[Problem statement] All the entries need to be quoted exactly, apart from the pictures, which you should drop.

[Material shown]
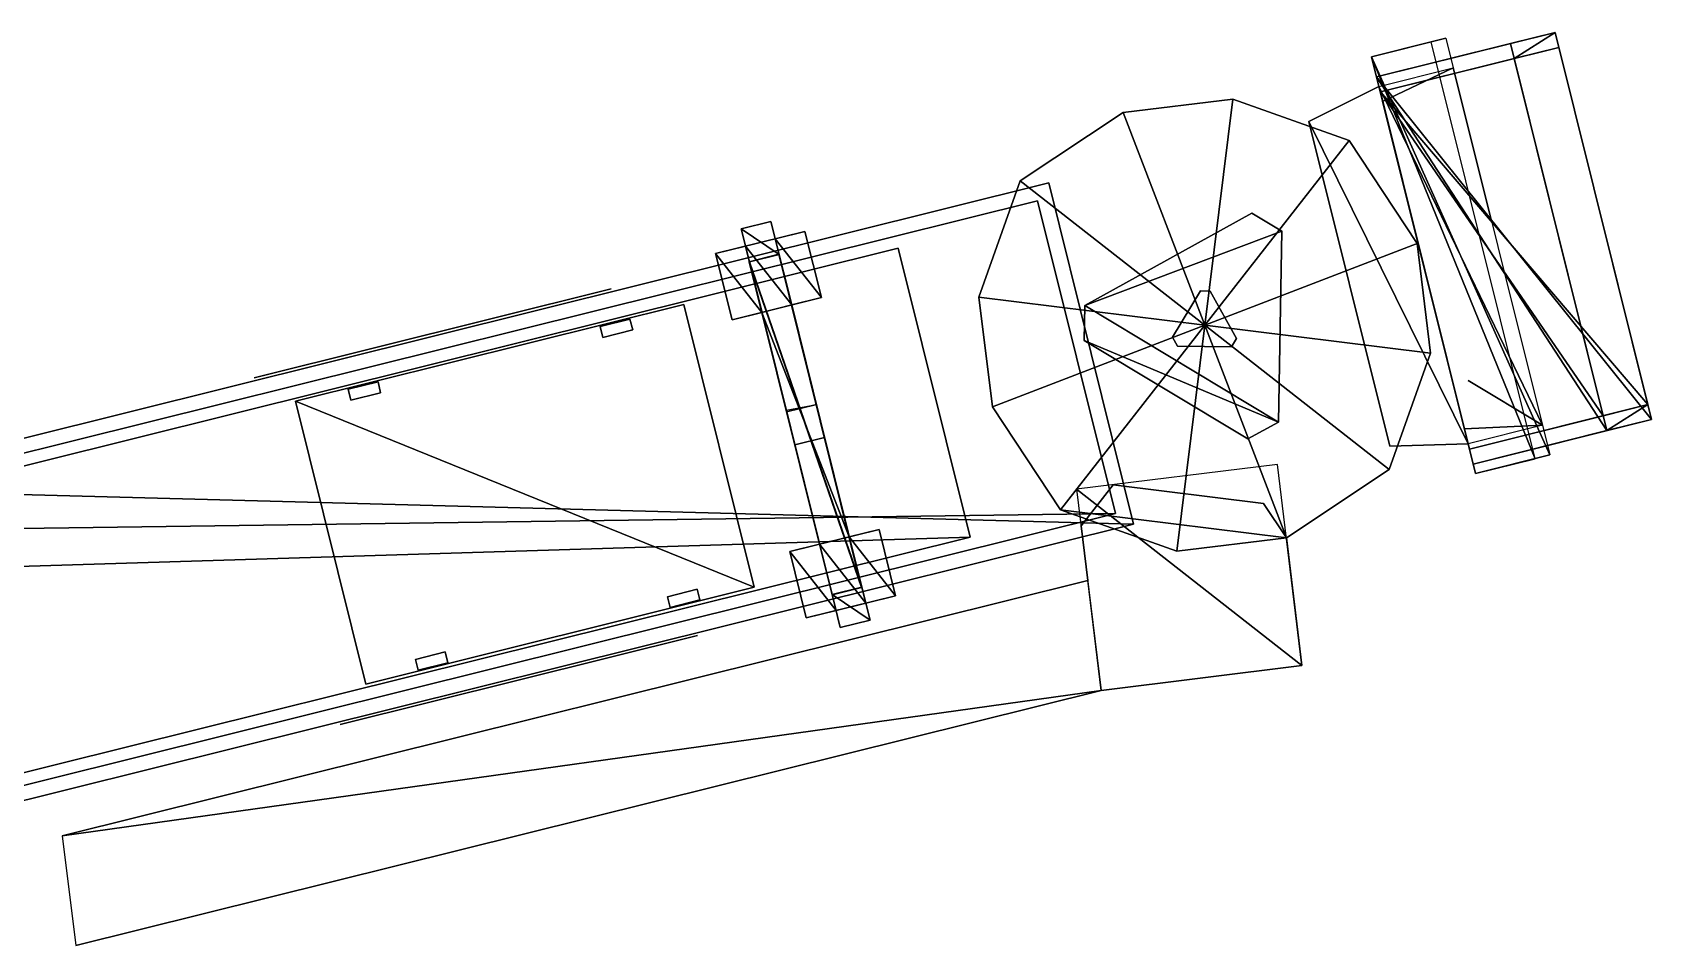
# Model space of a CAD drawing. Header units: millimetres. Extents: x -39 to 131, y -304 to 0.
# Drawn here: x 43.65 to 54.21, y -287.87 to -281.91 of the extents above; entities that cross this region are included whole.
import ezdxf

# ---------------------------------------------------------------- set-up
doc = ezdxf.new("R2010")
doc.units = ezdxf.units.MM
for name, color, linetype in [('MESH01', 7, 'Continuous'), ('MESH02', 7, 'Continuous'), ('MESH115', 7, 'Continuous'), ('MESH116', 7, 'Continuous'), ('MESH117', 7, 'Continuous'), ('MESH118', 7, 'Continuous'), ('MESH119', 7, 'Continuous'), ('MESH120', 7, 'Continuous'), ('MESH155', 7, 'Continuous'), ('MESH156', 7, 'Continuous'), ('MESH183', 7, 'Continuous'), ('MESH184', 7, 'Continuous'), ('MESH261', 7, 'Continuous'), ('MESH262', 7, 'Continuous'), ('MESH263', 7, 'Continuous'), ('MESH264', 7, 'Continuous'), ('MESH265', 7, 'Continuous'), ('MESH266', 7, 'Continuous'), ('MESH406', 7, 'Continuous'), ('MESH407', 7, 'Continuous'), ('MESH408', 7, 'Continuous'), ('MESH409', 7, 'Continuous'), ('MESH410', 7, 'Continuous'), ('MESH411', 7, 'Continuous'), ('MESH412', 7, 'Continuous'), ('MESH413', 7, 'Continuous'), ('MESH414', 7, 'Continuous'), ('MESH453', 7, 'Continuous'), ('MESH454', 7, 'Continuous'), ('MESH527', 7, 'Continuous'), ('MESH528', 7, 'Continuous'), ('MESH529', 7, 'Continuous'), ('MESH530', 7, 'Continuous'), ('MESH531', 7, 'Continuous'), ('MESH532', 7, 'Continuous'), ('TUNNEL2121', 7, 'Continuous'), ('TUNNEL3133', 7, 'Continuous')]:
    doc.layers.add(name, color=color, linetype=linetype)

msp = doc.modelspace()

# ---------------------------------------------------------------- meshes
at = {"layer": 'MESH01'}
mesh = msp.add_polyface(dxfattribs=at)
corners = [(47.423, -283.586, 5.149), (47.423, -283.586, 3.666), (45.094, -284.165, 3.666), (45.094, -284.165, 5.149)]
mesh.append_faces([[corners[k] for k in face] for face in [(0, 1, 2), (0, 2, 3)]])
at = {"layer": 'MESH02'}
mesh = msp.add_polyface(dxfattribs=at)
corners = [(45.656, -286.424, 5.149), (47.985, -285.845, 3.666), (47.985, -285.845, 5.149), (45.656, -286.424, 3.666)]
mesh.append_faces([[corners[k] for k in face] for face in [(0, 1, 2), (0, 3, 1)]])
at = {"layer": 'MESH115'}
mesh = msp.add_polyface(dxfattribs=at)
corners = [(52.454, -282.364, 5.432), (52.987, -284.498, 5.432), (52.987, -284.498, 3.232), (53.497, -284.474, 5.432), (52.987, -284.498, 3.232), (52.987, -284.498, 5.432), (53.497, -284.474, 3.232), (52.454, -282.364, 5.432), (52.987, -284.498, 3.232), (52.454, -282.364, 3.232), (52.454, -282.364, 5.432), (52.454, -282.364, 3.232), (52.915, -282.145, 5.432), (52.915, -282.145, 5.432), (52.454, -282.364, 3.232), (52.915, -282.145, 3.232)]
mesh.append_faces([[corners[k] for k in face] for face in [(0, 1, 2), (3, 4, 5), (3, 6, 4), (7, 8, 9), (10, 11, 12), (13, 14, 15)]])
at = {"layer": 'MESH116'}
mesh = msp.add_polyface(dxfattribs=at)
corners = [(53.497, -284.474, 4.132), (53.497, -284.474, 3.232), (53.012, -284.183, 3.232), (53.497, -284.474, 4.132), (53.012, -284.183, 3.232), (53.012, -284.183, 4.132)]
mesh.append_faces([[corners[k] for k in face] for face in [(0, 1, 2), (3, 4, 5)]])
at = {"layer": 'MESH117'}
mesh = msp.add_polyface(dxfattribs=at)
corners = [(52.915, -282.145, 4.132), (53.157, -283.116, 4.132), (53.157, -283.116, 3.232), (52.915, -282.145, 3.232)]
mesh.append_faces([[corners[k] for k in face] for face in [(0, 1, 2), (0, 2, 3)]])
at = {"layer": 'MESH118'}
mesh = msp.add_polyface(dxfattribs=at)
corners = [(53.497, -284.474, 5.432), (53.012, -284.595, 5.432), (52.43, -282.267, 5.432), (52.915, -282.145, 5.432)]
mesh.append_faces([[corners[k] for k in face] for face in [(0, 1, 2), (0, 2, 3)]])
at = {"layer": 'MESH119'}
mesh = msp.add_polyface(dxfattribs=at)
corners = [(52.382, -282.073, 3.132), (53.06, -284.789, 5.632), (52.382, -282.073, 5.632), (52.382, -282.073, 3.132), (53.06, -284.789, 3.132), (53.06, -284.789, 5.632), (53.545, -284.668, 3.132), (53.06, -284.789, 3.132), (52.382, -282.073, 3.132), (53.06, -284.789, 5.632), (53.06, -284.789, 3.132), (53.545, -284.668, 3.132), (53.545, -284.668, 5.632), (52.867, -281.951, 3.132), (52.867, -281.951, 5.632), (52.867, -281.951, 3.132), (52.382, -282.073, 3.132), (52.867, -281.951, 5.632), (52.382, -282.073, 3.132), (52.382, -282.073, 5.632), (53.448, -284.692, 5.632), (52.382, -282.073, 5.632), (53.06, -284.789, 5.632), (52.77, -281.976, 5.632)]
mesh.append_faces([[corners[k] for k in face] for face in [(0, 1, 2), (3, 4, 5), (6, 7, 8), (9, 10, 11), (9, 11, 12), (6, 8, 13), (14, 15, 16), (17, 18, 19), (20, 21, 22), (20, 23, 21)]])
at = {"layer": 'MESH120'}
mesh = msp.add_polyface(dxfattribs=at)
corners = [(53.012, -284.595, 5.532), (51.972, -282.494, 5.532), (52.5, -284.61, 5.532), (52.43, -282.267, 5.532), (52.43, -282.267, 5.532), (51.972, -282.494, 3.232), (51.972, -282.494, 5.532), (52.43, -282.267, 3.232), (53.012, -284.595, 3.232), (51.972, -282.494, 3.232), (52.43, -282.267, 3.232), (52.5, -284.61, 3.232), (53.012, -284.595, 5.532), (52.5, -284.61, 3.232), (53.012, -284.595, 3.232), (52.5, -284.61, 5.532), (52.5, -284.61, 3.232), (53.012, -284.595, 5.532)]
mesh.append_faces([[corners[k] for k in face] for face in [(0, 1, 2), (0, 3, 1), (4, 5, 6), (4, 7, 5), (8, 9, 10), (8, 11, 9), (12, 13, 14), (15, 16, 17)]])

[Response]
# Model space of a CAD drawing. Header units: millimetres. Extents: x -39 to 131, y -304 to 0.
# Drawn here: x 43.65 to 54.21, y -287.87 to -281.91 of the extents above; entities that cross this region are included whole.
import ezdxf

# ---------------------------------------------------------------- set-up
doc = ezdxf.new("R2010")
doc.units = ezdxf.units.MM
for name, color, linetype in [('MESH01', 7, 'Continuous'), ('MESH02', 7, 'Continuous'), ('MESH115', 7, 'Continuous'), ('MESH116', 7, 'Continuous'), ('MESH117', 7, 'Continuous'), ('MESH118', 7, 'Continuous'), ('MESH119', 7, 'Continuous'), ('MESH120', 7, 'Continuous'), ('MESH155', 7, 'Continuous'), ('MESH156', 7, 'Continuous'), ('MESH183', 7, 'Continuous'), ('MESH184', 7, 'Continuous'), ('MESH261', 7, 'Continuous'), ('MESH262', 7, 'Continuous'), ('MESH263', 7, 'Continuous'), ('MESH264', 7, 'Continuous'), ('MESH265', 7, 'Continuous'), ('MESH266', 7, 'Continuous'), ('MESH406', 7, 'Continuous'), ('MESH407', 7, 'Continuous'), ('MESH408', 7, 'Continuous'), ('MESH409', 7, 'Continuous'), ('MESH410', 7, 'Continuous'), ('MESH411', 7, 'Continuous'), ('MESH412', 7, 'Continuous'), ('MESH413', 7, 'Continuous'), ('MESH414', 7, 'Continuous'), ('MESH453', 7, 'Continuous'), ('MESH454', 7, 'Continuous'), ('MESH527', 7, 'Continuous'), ('MESH528', 7, 'Continuous'), ('MESH529', 7, 'Continuous'), ('MESH530', 7, 'Continuous'), ('MESH531', 7, 'Continuous'), ('MESH532', 7, 'Continuous'), ('TUNNEL2121', 7, 'Continuous'), ('TUNNEL3133', 7, 'Continuous')]:
    doc.layers.add(name, color=color, linetype=linetype)

msp = doc.modelspace()

# ---------------------------------------------------------------- meshes
at = {"layer": 'MESH01'}
mesh = msp.add_polyface(dxfattribs=at)
corners = [(47.423, -283.586, 5.149), (47.423, -283.586, 3.666), (45.094, -284.165, 3.666), (45.094, -284.165, 5.149)]
mesh.append_faces([[corners[k] for k in face] for face in [(0, 1, 2), (0, 2, 3)]])
at = {"layer": 'MESH02'}
mesh = msp.add_polyface(dxfattribs=at)
corners = [(45.656, -286.424, 5.149), (47.985, -285.845, 3.666), (47.985, -285.845, 5.149), (45.656, -286.424, 3.666)]
mesh.append_faces([[corners[k] for k in face] for face in [(0, 1, 2), (0, 3, 1)]])
at = {"layer": 'MESH115'}
mesh = msp.add_polyface(dxfattribs=at)
corners = [(52.454, -282.364, 5.432), (52.987, -284.498, 5.432), (52.987, -284.498, 3.232), (53.497, -284.474, 5.432), (52.987, -284.498, 3.232), (52.987, -284.498, 5.432), (53.497, -284.474, 3.232), (52.454, -282.364, 5.432), (52.987, -284.498, 3.232), (52.454, -282.364, 3.232), (52.454, -282.364, 5.432), (52.454, -282.364, 3.232), (52.915, -282.145, 5.432), (52.915, -282.145, 5.432), (52.454, -282.364, 3.232), (52.915, -282.145, 3.232)]
mesh.append_faces([[corners[k] for k in face] for face in [(0, 1, 2), (3, 4, 5), (3, 6, 4), (7, 8, 9), (10, 11, 12), (13, 14, 15)]])
at = {"layer": 'MESH116'}
mesh = msp.add_polyface(dxfattribs=at)
corners = [(53.497, -284.474, 4.132), (53.497, -284.474, 3.232), (53.012, -284.183, 3.232), (53.497, -284.474, 4.132), (53.012, -284.183, 3.232), (53.012, -284.183, 4.132)]
mesh.append_faces([[corners[k] for k in face] for face in [(0, 1, 2), (3, 4, 5)]])
at = {"layer": 'MESH117'}
mesh = msp.add_polyface(dxfattribs=at)
corners = [(52.915, -282.145, 4.132), (53.157, -283.116, 4.132), (53.157, -283.116, 3.232), (52.915, -282.145, 3.232)]
mesh.append_faces([[corners[k] for k in face] for face in [(0, 1, 2), (0, 2, 3)]])
at = {"layer": 'MESH118'}
mesh = msp.add_polyface(dxfattribs=at)
corners = [(53.497, -284.474, 5.432), (53.012, -284.595, 5.432), (52.43, -282.267, 5.432), (52.915, -282.145, 5.432)]
mesh.append_faces([[corners[k] for k in face] for face in [(0, 1, 2), (0, 2, 3)]])
at = {"layer": 'MESH119'}
mesh = msp.add_polyface(dxfattribs=at)
corners = [(52.382, -282.073, 3.132), (53.06, -284.789, 5.632), (52.382, -282.073, 5.632), (52.382, -282.073, 3.132), (53.06, -284.789, 3.132), (53.06, -284.789, 5.632), (53.545, -284.668, 3.132), (53.06, -284.789, 3.132), (52.382, -282.073, 3.132), (53.06, -284.789, 5.632), (53.06, -284.789, 3.132), (53.545, -284.668, 3.132), (53.545, -284.668, 5.632), (52.867, -281.951, 3.132), (52.867, -281.951, 5.632), (52.867, -281.951, 3.132), (52.382, -282.073, 3.132), (52.867, -281.951, 5.632), (52.382, -282.073, 3.132), (52.382, -282.073, 5.632), (53.448, -284.692, 5.632), (52.382, -282.073, 5.632), (53.06, -284.789, 5.632), (52.77, -281.976, 5.632)]
mesh.append_faces([[corners[k] for k in face] for face in [(0, 1, 2), (3, 4, 5), (6, 7, 8), (9, 10, 11), (9, 11, 12), (6, 8, 13), (14, 15, 16), (17, 18, 19), (20, 21, 22), (20, 23, 21)]])
at = {"layer": 'MESH120'}
mesh = msp.add_polyface(dxfattribs=at)
corners = [(53.012, -284.595, 5.532), (51.972, -282.494, 5.532), (52.5, -284.61, 5.532), (52.43, -282.267, 5.532), (52.43, -282.267, 5.532), (51.972, -282.494, 3.232), (51.972, -282.494, 5.532), (52.43, -282.267, 3.232), (53.012, -284.595, 3.232), (51.972, -282.494, 3.232), (52.43, -282.267, 3.232), (52.5, -284.61, 3.232), (53.012, -284.595, 5.532), (52.5, -284.61, 3.232), (53.012, -284.595, 3.232), (52.5, -284.61, 5.532), (52.5, -284.61, 3.232), (53.012, -284.595, 5.532)]
mesh.append_faces([[corners[k] for k in face] for face in [(0, 1, 2), (0, 3, 1), (4, 5, 6), (4, 7, 5), (8, 9, 10), (8, 11, 9), (12, 13, 14), (15, 16, 17)]])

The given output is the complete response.